* _Prompt_
A line belongs in the answer only if it contains the word "ezdxf"; copy every such line from the listing below.
═══ Material for this exercise ═══
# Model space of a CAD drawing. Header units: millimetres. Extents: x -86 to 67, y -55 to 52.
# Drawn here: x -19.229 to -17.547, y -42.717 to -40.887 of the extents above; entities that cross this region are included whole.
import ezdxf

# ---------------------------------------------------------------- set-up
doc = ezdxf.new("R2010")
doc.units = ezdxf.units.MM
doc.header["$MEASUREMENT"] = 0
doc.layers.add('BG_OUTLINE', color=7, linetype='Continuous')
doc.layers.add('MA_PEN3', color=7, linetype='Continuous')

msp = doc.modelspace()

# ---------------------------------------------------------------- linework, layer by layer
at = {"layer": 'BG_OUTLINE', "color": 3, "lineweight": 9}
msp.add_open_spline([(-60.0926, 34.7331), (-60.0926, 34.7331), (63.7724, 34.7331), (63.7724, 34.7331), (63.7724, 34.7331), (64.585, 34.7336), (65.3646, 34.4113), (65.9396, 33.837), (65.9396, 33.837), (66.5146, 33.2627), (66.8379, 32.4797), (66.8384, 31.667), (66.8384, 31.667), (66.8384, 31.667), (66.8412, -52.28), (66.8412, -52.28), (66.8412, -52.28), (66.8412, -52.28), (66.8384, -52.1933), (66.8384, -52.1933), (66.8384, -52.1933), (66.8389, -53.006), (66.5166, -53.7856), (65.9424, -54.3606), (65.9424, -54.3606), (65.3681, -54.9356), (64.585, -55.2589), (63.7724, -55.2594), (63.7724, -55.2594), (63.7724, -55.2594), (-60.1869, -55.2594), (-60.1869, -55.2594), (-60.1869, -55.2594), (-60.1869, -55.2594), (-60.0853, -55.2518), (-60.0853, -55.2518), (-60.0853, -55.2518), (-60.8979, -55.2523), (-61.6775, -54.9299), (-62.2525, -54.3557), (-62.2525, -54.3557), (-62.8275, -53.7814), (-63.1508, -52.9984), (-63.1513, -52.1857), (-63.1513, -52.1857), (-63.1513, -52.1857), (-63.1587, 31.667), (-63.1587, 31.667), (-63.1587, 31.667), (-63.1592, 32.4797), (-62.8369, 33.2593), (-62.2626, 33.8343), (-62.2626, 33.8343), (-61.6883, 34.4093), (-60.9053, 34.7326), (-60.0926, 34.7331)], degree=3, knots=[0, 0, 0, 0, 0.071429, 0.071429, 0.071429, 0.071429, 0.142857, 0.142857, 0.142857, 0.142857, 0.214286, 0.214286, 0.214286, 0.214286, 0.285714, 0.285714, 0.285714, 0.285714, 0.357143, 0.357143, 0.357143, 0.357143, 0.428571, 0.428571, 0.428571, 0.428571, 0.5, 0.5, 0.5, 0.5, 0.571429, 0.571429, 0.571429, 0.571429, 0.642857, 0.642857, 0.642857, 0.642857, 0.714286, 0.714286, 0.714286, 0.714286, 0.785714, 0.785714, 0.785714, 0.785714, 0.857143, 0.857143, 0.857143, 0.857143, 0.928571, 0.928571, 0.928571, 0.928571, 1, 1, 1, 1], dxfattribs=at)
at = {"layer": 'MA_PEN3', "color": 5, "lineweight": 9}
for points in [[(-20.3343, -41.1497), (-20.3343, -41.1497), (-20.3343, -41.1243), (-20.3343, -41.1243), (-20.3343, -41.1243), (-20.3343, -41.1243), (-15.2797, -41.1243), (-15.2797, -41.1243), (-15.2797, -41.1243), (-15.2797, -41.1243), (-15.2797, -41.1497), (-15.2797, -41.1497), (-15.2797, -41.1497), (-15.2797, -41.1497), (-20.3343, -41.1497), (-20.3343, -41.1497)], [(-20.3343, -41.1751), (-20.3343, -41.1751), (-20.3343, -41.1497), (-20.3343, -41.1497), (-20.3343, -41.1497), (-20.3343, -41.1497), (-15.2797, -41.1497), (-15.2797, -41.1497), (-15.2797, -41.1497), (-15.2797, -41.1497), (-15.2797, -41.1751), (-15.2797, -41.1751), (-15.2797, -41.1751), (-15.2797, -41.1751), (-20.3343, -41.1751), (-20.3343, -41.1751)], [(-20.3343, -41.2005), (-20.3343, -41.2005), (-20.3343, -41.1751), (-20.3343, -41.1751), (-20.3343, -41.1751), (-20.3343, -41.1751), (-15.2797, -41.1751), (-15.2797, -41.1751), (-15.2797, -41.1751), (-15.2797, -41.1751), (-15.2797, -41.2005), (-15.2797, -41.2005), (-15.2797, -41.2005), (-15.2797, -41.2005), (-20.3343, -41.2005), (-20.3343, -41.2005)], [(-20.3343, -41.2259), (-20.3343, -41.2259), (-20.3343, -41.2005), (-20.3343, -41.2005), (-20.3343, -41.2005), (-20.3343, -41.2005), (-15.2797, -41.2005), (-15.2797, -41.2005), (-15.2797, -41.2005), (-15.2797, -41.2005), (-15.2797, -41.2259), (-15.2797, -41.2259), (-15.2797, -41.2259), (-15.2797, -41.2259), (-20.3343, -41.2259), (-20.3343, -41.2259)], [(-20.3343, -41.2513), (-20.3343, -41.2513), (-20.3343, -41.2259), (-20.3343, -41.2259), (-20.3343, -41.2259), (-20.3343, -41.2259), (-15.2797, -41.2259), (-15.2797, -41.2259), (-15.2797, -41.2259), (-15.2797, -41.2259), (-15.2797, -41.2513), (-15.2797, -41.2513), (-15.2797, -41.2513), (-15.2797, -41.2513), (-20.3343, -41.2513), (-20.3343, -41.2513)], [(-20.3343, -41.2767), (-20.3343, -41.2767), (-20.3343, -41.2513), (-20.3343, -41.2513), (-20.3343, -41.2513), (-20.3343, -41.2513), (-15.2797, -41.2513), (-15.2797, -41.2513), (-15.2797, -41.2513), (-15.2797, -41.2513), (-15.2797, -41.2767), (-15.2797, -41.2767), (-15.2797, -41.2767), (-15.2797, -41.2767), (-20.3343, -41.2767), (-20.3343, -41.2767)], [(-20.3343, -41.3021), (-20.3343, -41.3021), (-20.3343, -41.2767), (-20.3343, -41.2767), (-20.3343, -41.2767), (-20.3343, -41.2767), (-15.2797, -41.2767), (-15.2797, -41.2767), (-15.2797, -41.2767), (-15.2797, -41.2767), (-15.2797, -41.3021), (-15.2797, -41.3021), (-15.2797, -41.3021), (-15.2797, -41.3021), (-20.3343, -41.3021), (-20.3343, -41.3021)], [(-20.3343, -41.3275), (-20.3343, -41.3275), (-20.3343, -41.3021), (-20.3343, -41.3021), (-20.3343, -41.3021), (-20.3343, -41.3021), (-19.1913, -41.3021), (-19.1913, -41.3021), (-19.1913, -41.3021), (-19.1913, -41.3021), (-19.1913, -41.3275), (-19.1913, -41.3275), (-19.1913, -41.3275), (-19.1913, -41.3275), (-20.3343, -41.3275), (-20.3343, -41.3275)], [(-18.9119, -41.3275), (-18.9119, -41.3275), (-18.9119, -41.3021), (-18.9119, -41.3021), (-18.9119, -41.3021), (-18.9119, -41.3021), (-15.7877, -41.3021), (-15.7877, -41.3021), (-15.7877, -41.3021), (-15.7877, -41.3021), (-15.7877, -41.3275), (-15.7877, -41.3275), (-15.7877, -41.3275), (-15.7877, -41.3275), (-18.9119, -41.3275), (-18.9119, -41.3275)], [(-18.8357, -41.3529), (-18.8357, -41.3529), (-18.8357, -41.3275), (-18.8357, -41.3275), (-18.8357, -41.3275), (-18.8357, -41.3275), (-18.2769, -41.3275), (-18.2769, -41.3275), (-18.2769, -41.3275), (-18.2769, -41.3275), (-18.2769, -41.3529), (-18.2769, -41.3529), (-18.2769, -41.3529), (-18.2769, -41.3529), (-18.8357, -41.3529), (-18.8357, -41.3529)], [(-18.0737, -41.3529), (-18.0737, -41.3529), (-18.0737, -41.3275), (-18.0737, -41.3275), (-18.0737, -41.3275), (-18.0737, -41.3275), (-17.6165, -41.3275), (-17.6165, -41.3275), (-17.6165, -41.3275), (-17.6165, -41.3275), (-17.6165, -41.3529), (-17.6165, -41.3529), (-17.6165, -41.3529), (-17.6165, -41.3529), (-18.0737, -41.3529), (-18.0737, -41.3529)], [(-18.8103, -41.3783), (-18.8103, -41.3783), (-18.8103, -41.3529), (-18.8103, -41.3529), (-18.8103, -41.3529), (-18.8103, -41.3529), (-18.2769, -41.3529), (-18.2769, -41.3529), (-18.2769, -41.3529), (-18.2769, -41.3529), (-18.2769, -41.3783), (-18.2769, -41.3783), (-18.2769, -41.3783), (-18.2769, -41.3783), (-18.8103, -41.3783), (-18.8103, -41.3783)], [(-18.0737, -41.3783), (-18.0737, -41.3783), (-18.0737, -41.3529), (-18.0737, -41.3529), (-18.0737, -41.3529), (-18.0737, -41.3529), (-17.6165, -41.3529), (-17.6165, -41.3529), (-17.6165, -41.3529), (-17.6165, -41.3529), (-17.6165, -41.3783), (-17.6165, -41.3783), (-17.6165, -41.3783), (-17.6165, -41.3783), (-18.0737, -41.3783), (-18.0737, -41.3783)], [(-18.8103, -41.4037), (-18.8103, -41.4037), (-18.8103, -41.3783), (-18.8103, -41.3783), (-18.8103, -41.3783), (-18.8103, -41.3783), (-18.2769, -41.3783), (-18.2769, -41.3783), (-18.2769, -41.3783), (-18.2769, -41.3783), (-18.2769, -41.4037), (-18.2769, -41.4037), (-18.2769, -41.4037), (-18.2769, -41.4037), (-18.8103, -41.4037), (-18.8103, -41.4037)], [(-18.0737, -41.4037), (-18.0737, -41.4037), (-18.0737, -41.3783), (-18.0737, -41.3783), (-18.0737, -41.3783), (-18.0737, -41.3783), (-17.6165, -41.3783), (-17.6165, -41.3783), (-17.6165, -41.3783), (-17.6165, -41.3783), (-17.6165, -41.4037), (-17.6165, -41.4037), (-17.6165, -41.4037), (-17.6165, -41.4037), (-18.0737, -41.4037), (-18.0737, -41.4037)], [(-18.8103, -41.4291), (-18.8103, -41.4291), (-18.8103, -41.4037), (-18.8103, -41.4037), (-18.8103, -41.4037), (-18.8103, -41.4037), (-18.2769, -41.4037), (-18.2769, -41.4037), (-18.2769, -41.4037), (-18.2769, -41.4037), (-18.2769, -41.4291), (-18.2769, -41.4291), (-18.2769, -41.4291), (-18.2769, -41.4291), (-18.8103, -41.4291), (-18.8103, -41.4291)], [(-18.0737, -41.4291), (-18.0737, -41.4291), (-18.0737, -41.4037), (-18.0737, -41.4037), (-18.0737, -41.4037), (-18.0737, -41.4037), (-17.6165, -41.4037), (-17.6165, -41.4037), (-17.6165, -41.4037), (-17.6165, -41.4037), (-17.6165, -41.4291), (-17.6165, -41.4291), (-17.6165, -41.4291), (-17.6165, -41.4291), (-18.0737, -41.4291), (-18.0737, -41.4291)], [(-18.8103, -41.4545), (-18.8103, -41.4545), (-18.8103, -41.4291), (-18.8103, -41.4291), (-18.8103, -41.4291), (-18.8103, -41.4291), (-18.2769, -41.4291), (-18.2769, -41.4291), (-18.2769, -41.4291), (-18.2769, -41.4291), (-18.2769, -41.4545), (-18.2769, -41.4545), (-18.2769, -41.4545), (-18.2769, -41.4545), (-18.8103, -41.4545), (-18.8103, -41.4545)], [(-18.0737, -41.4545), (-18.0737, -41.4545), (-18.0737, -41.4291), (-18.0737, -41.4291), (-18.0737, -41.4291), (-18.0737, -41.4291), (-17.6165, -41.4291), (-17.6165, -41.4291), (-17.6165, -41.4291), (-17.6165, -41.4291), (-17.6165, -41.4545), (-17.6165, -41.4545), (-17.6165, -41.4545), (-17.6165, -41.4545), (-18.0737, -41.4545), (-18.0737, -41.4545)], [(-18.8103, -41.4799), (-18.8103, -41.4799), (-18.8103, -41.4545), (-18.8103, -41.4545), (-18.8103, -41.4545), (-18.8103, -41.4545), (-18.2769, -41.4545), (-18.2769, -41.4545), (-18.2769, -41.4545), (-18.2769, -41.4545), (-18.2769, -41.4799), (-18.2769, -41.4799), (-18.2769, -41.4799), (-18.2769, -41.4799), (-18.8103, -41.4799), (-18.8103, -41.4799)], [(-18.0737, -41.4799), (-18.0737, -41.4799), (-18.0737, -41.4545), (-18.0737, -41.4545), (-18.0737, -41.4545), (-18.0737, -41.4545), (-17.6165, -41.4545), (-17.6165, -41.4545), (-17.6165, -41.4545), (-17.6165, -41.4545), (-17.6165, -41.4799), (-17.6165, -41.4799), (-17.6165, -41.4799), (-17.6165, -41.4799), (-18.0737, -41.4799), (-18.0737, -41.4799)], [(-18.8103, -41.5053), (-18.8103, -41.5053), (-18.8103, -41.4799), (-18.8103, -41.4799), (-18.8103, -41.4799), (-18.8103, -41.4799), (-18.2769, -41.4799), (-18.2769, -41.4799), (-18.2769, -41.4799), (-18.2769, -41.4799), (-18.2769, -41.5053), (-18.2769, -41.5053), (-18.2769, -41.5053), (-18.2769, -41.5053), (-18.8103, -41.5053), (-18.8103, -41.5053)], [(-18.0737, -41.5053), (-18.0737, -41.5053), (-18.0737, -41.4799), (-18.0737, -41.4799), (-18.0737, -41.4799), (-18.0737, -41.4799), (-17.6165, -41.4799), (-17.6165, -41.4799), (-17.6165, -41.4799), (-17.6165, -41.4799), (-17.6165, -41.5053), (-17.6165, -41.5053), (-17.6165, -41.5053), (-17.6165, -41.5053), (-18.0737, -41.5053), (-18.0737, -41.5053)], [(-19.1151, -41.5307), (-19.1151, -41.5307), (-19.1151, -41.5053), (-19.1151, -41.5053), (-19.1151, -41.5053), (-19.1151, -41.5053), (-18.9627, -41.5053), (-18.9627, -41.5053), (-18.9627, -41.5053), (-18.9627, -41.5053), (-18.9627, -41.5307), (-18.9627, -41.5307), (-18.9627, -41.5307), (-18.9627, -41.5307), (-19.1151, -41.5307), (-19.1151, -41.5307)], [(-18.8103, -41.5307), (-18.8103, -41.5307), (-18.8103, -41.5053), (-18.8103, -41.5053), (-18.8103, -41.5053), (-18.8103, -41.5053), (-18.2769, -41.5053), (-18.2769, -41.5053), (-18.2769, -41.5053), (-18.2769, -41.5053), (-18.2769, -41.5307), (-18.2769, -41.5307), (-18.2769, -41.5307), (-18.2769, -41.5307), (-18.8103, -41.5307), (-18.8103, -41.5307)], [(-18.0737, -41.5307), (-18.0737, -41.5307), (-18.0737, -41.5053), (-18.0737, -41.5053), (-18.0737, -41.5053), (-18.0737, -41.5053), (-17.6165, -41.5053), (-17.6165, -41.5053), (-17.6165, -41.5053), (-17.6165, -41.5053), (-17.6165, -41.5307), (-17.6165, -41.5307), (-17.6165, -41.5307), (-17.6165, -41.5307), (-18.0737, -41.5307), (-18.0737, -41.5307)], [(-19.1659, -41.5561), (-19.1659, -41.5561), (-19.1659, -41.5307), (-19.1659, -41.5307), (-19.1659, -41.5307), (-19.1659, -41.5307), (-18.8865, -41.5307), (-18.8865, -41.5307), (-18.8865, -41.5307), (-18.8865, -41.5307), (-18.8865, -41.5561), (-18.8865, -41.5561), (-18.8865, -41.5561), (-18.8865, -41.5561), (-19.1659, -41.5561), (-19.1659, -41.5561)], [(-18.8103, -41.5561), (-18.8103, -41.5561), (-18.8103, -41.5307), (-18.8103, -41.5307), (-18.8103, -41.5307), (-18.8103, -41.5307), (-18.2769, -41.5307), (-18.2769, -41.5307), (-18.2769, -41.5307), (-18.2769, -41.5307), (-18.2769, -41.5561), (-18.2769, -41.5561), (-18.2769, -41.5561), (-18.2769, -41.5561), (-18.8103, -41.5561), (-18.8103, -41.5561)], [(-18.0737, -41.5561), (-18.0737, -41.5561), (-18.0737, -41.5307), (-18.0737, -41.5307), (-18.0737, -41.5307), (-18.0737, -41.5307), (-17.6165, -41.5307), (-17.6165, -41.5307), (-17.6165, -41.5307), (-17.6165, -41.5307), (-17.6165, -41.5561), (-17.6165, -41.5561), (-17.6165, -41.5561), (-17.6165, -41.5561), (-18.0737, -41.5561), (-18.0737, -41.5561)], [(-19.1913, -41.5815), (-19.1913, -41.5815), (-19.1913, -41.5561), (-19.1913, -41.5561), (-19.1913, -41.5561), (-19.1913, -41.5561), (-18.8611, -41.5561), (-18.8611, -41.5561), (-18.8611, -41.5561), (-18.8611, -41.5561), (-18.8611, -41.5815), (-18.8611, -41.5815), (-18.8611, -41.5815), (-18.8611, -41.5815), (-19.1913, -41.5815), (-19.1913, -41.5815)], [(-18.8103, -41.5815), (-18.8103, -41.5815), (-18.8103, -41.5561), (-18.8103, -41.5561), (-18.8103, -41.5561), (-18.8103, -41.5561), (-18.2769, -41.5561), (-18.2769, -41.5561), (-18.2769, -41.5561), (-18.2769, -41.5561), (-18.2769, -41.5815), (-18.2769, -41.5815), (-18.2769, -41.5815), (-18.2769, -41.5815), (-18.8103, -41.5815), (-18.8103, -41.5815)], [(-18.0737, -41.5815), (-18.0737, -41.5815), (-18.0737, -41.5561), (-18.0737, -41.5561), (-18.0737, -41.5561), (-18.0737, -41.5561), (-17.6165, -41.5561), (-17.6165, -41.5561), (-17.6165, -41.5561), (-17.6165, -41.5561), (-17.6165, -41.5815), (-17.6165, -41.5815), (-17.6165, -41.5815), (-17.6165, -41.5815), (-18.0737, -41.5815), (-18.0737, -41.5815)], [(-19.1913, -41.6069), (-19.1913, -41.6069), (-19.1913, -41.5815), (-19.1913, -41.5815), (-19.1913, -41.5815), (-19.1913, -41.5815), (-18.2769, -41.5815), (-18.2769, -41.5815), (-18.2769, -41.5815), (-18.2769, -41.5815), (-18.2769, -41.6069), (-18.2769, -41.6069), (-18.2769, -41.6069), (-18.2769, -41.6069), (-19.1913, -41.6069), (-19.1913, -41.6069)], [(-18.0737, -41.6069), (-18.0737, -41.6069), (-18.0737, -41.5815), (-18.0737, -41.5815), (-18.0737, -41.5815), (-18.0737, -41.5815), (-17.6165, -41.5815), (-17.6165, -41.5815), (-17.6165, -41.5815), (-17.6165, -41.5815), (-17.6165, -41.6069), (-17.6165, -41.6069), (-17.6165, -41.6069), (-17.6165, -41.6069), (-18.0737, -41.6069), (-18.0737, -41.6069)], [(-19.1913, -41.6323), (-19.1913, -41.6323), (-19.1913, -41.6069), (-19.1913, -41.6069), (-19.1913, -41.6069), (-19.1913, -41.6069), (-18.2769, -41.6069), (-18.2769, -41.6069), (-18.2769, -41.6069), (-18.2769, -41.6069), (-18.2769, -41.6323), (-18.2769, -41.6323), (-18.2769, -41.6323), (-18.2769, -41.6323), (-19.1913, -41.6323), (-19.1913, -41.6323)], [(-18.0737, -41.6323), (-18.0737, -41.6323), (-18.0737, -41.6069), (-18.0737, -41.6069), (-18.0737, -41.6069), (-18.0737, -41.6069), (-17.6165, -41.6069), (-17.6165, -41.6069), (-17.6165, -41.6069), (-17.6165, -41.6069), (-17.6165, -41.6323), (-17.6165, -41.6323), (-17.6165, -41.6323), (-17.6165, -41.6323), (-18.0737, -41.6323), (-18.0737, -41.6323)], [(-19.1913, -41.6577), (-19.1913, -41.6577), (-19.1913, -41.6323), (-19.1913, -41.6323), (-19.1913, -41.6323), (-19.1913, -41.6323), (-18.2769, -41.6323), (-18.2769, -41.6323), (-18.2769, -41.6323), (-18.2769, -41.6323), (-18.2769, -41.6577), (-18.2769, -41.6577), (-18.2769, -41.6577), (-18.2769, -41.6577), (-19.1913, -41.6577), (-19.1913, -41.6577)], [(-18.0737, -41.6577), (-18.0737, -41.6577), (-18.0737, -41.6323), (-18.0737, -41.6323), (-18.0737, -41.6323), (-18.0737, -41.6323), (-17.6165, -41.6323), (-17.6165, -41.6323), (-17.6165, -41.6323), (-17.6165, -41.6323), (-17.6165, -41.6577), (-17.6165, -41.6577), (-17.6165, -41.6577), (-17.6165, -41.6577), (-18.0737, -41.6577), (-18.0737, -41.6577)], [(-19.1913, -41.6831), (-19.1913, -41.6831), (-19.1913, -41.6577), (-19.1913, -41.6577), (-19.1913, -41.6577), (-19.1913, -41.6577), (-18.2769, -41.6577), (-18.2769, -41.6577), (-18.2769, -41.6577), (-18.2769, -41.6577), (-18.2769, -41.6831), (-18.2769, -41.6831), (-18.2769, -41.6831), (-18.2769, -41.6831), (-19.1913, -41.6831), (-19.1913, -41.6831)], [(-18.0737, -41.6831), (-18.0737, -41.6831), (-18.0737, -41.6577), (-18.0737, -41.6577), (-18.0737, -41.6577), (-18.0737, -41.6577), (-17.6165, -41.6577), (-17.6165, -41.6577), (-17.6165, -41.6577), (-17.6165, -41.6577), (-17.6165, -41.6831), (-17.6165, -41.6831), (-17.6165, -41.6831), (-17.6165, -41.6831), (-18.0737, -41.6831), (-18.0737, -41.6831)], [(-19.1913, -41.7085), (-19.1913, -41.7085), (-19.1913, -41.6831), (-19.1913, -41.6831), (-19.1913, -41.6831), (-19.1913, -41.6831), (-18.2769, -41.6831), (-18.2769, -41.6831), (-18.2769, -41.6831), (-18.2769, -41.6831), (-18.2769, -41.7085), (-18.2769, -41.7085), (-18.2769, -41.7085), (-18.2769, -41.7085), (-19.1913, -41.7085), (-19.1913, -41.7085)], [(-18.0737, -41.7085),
═══
* _Written solution_
import ezdxf
doc = ezdxf.new("R2010")
doc.units = ezdxf.units.MM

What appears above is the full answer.